## WORK TASK
Sift through the material below and return the lines with "import".

## GIVEN ENTRIES
^^^^^^^^^^^^^^^^

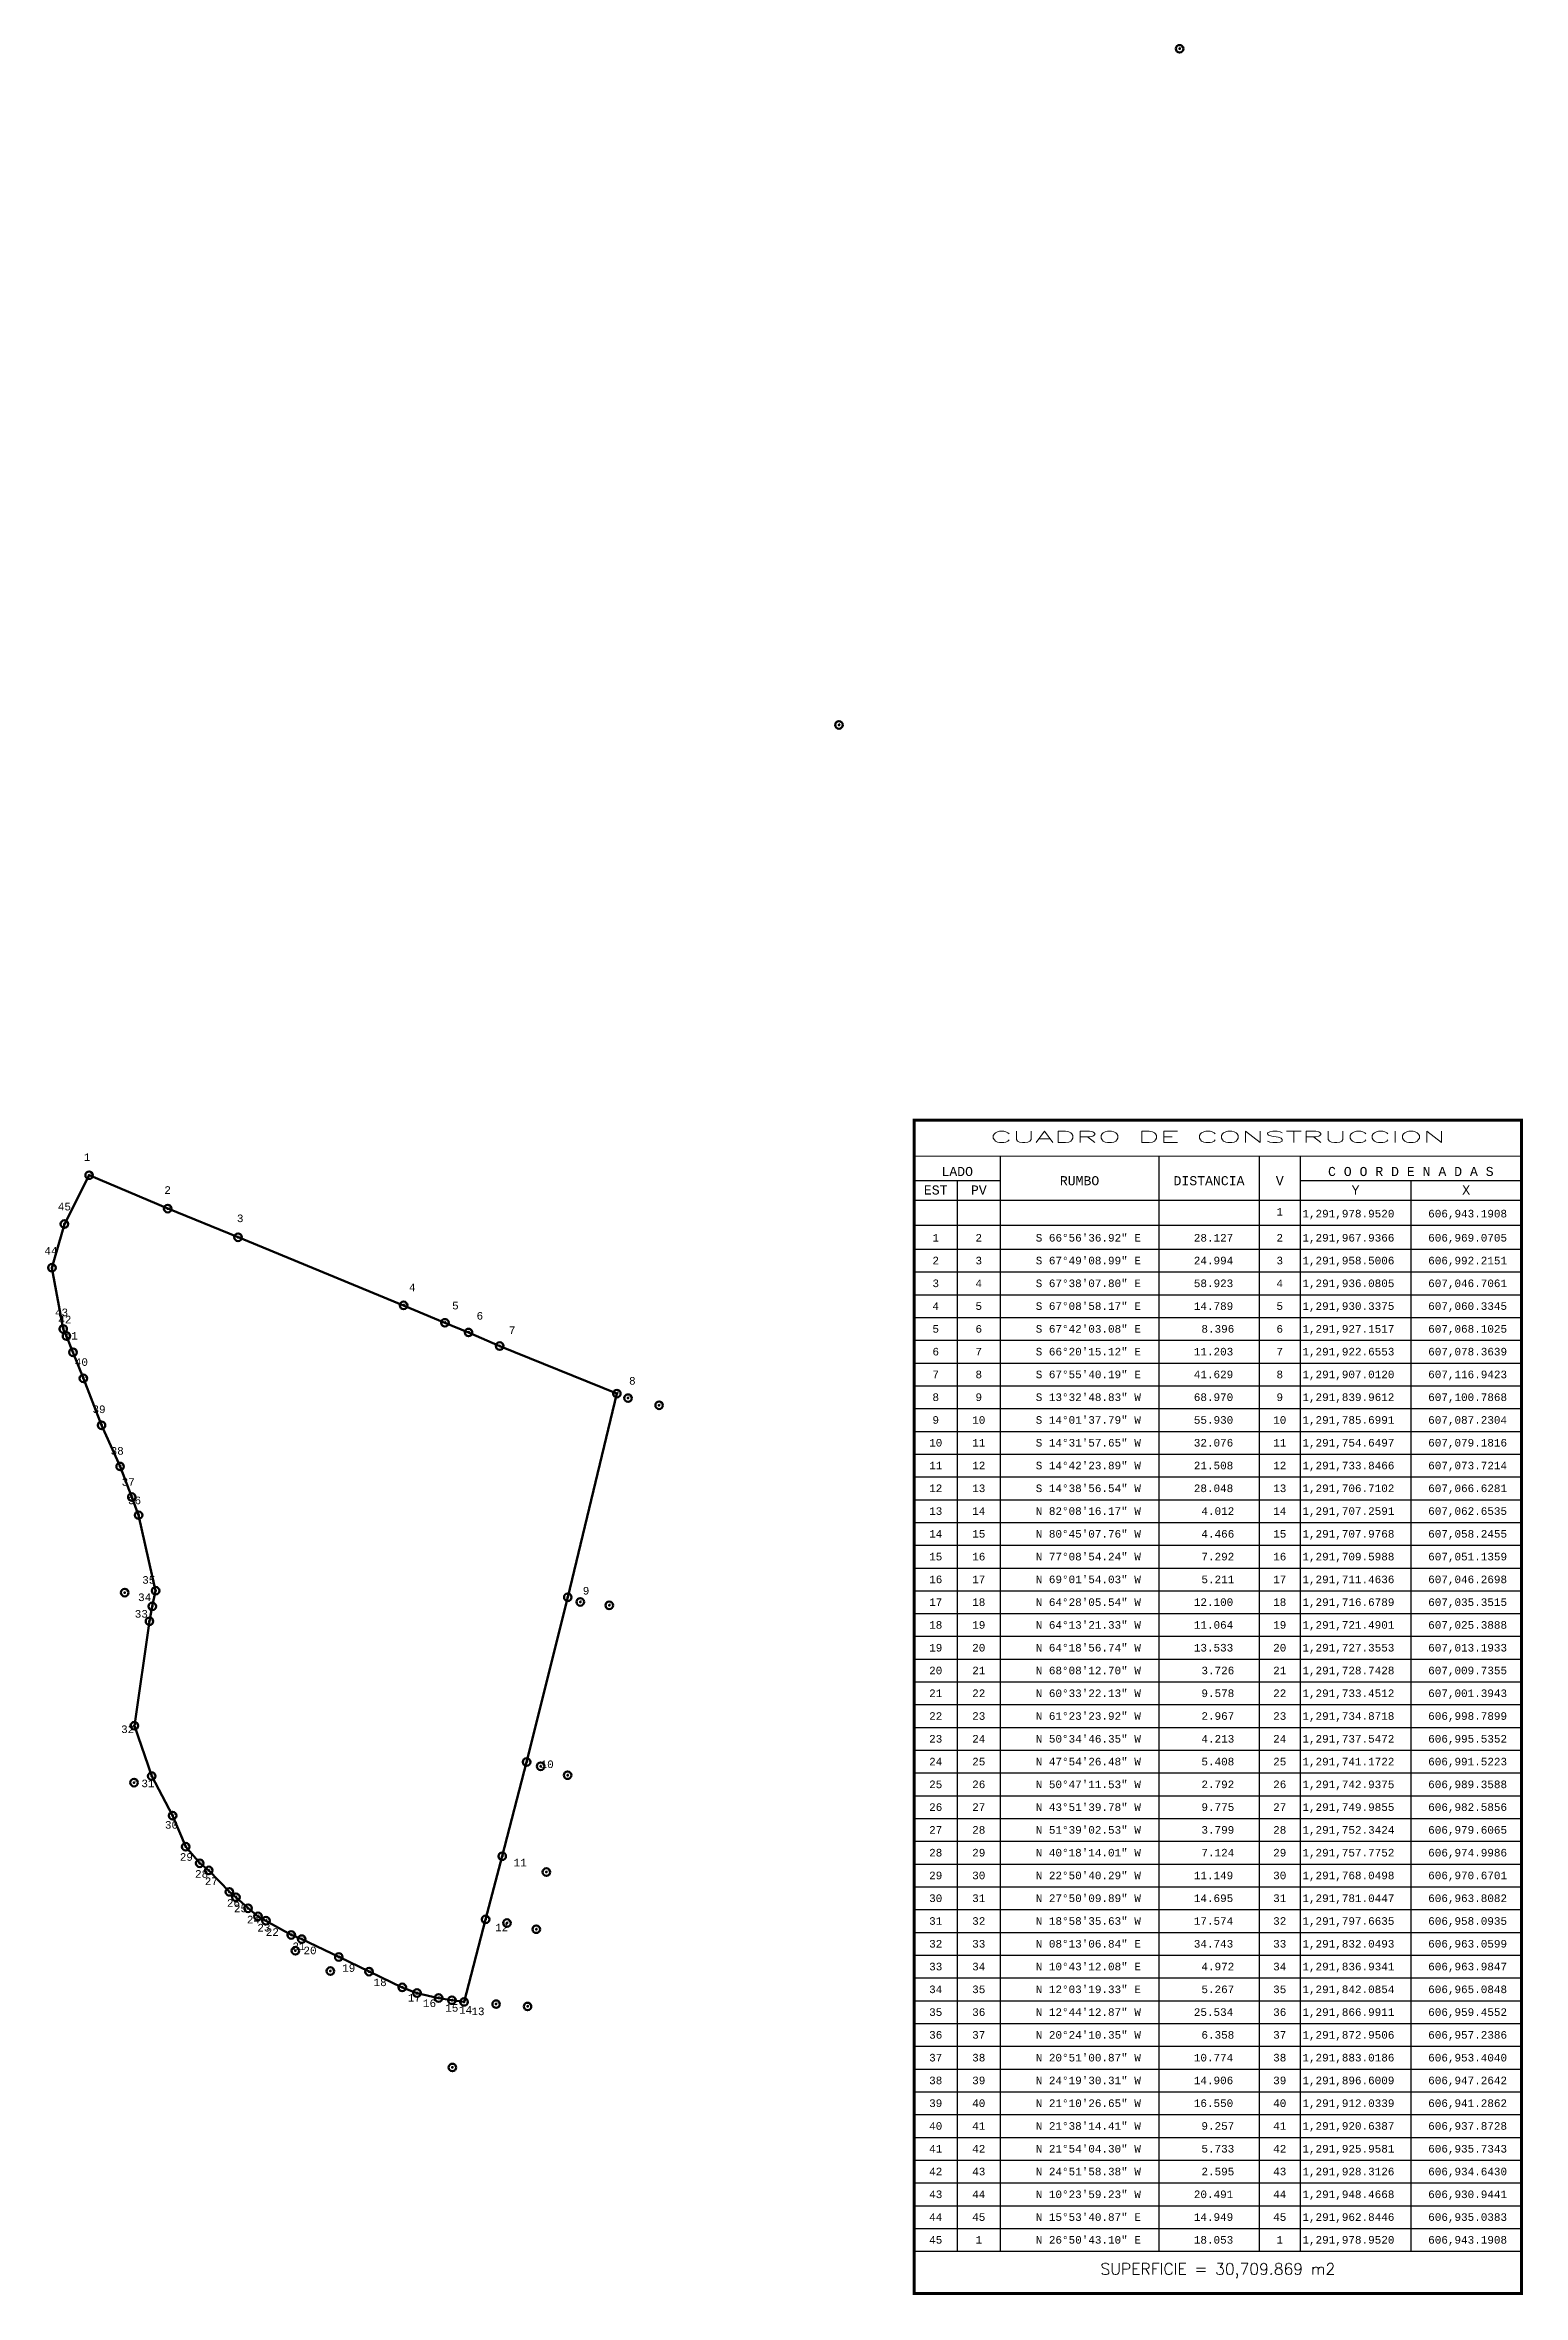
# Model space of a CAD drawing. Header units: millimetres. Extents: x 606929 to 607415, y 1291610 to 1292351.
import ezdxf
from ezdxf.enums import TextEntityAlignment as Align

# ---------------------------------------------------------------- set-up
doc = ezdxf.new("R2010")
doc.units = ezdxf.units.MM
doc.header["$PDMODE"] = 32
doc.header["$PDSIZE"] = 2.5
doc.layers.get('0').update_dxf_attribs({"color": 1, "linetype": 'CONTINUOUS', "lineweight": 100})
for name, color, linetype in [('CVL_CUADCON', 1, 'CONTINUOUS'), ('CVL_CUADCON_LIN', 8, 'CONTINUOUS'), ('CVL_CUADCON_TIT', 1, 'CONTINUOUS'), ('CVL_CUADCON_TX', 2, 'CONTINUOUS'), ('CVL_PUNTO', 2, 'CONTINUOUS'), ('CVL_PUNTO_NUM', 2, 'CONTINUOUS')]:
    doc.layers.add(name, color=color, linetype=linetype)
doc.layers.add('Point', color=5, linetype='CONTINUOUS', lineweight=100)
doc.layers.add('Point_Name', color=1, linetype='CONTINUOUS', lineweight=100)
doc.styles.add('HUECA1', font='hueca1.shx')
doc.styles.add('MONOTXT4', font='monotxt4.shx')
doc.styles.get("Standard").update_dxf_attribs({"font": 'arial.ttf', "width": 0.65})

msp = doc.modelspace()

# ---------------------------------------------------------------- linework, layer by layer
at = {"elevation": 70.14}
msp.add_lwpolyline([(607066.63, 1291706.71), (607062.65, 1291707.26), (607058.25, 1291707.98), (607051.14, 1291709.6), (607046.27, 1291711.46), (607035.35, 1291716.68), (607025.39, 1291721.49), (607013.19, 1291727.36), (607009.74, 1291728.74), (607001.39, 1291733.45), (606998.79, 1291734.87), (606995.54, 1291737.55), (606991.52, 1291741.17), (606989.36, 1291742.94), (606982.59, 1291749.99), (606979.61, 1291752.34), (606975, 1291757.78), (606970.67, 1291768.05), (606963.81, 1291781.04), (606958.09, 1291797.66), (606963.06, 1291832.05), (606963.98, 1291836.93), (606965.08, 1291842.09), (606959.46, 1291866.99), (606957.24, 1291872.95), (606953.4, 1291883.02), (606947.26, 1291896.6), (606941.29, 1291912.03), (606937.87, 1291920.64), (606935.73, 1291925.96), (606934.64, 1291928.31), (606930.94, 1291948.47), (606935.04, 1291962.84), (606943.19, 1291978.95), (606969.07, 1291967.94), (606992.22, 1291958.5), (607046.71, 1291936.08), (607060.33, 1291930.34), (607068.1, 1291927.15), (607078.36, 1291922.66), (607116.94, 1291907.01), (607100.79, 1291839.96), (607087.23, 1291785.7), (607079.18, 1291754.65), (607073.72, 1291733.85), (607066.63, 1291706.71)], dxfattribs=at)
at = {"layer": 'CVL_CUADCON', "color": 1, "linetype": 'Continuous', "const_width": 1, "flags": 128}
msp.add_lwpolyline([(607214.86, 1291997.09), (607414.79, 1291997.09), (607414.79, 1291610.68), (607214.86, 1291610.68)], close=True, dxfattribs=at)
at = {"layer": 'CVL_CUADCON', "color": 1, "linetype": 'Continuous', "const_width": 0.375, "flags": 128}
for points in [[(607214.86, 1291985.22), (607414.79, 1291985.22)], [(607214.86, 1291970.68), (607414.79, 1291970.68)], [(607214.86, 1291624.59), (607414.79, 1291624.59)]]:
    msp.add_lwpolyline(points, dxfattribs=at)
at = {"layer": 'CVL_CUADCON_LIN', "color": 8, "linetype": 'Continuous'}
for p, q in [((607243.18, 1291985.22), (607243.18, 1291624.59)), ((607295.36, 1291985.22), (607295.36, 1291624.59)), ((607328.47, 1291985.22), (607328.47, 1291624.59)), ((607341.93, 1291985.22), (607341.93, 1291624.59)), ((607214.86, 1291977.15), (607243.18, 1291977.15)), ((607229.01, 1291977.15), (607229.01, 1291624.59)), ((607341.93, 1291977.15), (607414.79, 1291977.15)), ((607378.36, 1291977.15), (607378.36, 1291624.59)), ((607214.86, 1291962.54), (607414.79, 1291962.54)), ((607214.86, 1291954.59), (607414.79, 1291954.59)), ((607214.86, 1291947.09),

^^^^^^^^^^^^^^^^

## ANSWER BOX
import ezdxf
from ezdxf.enums import TextEntityAlignment as Align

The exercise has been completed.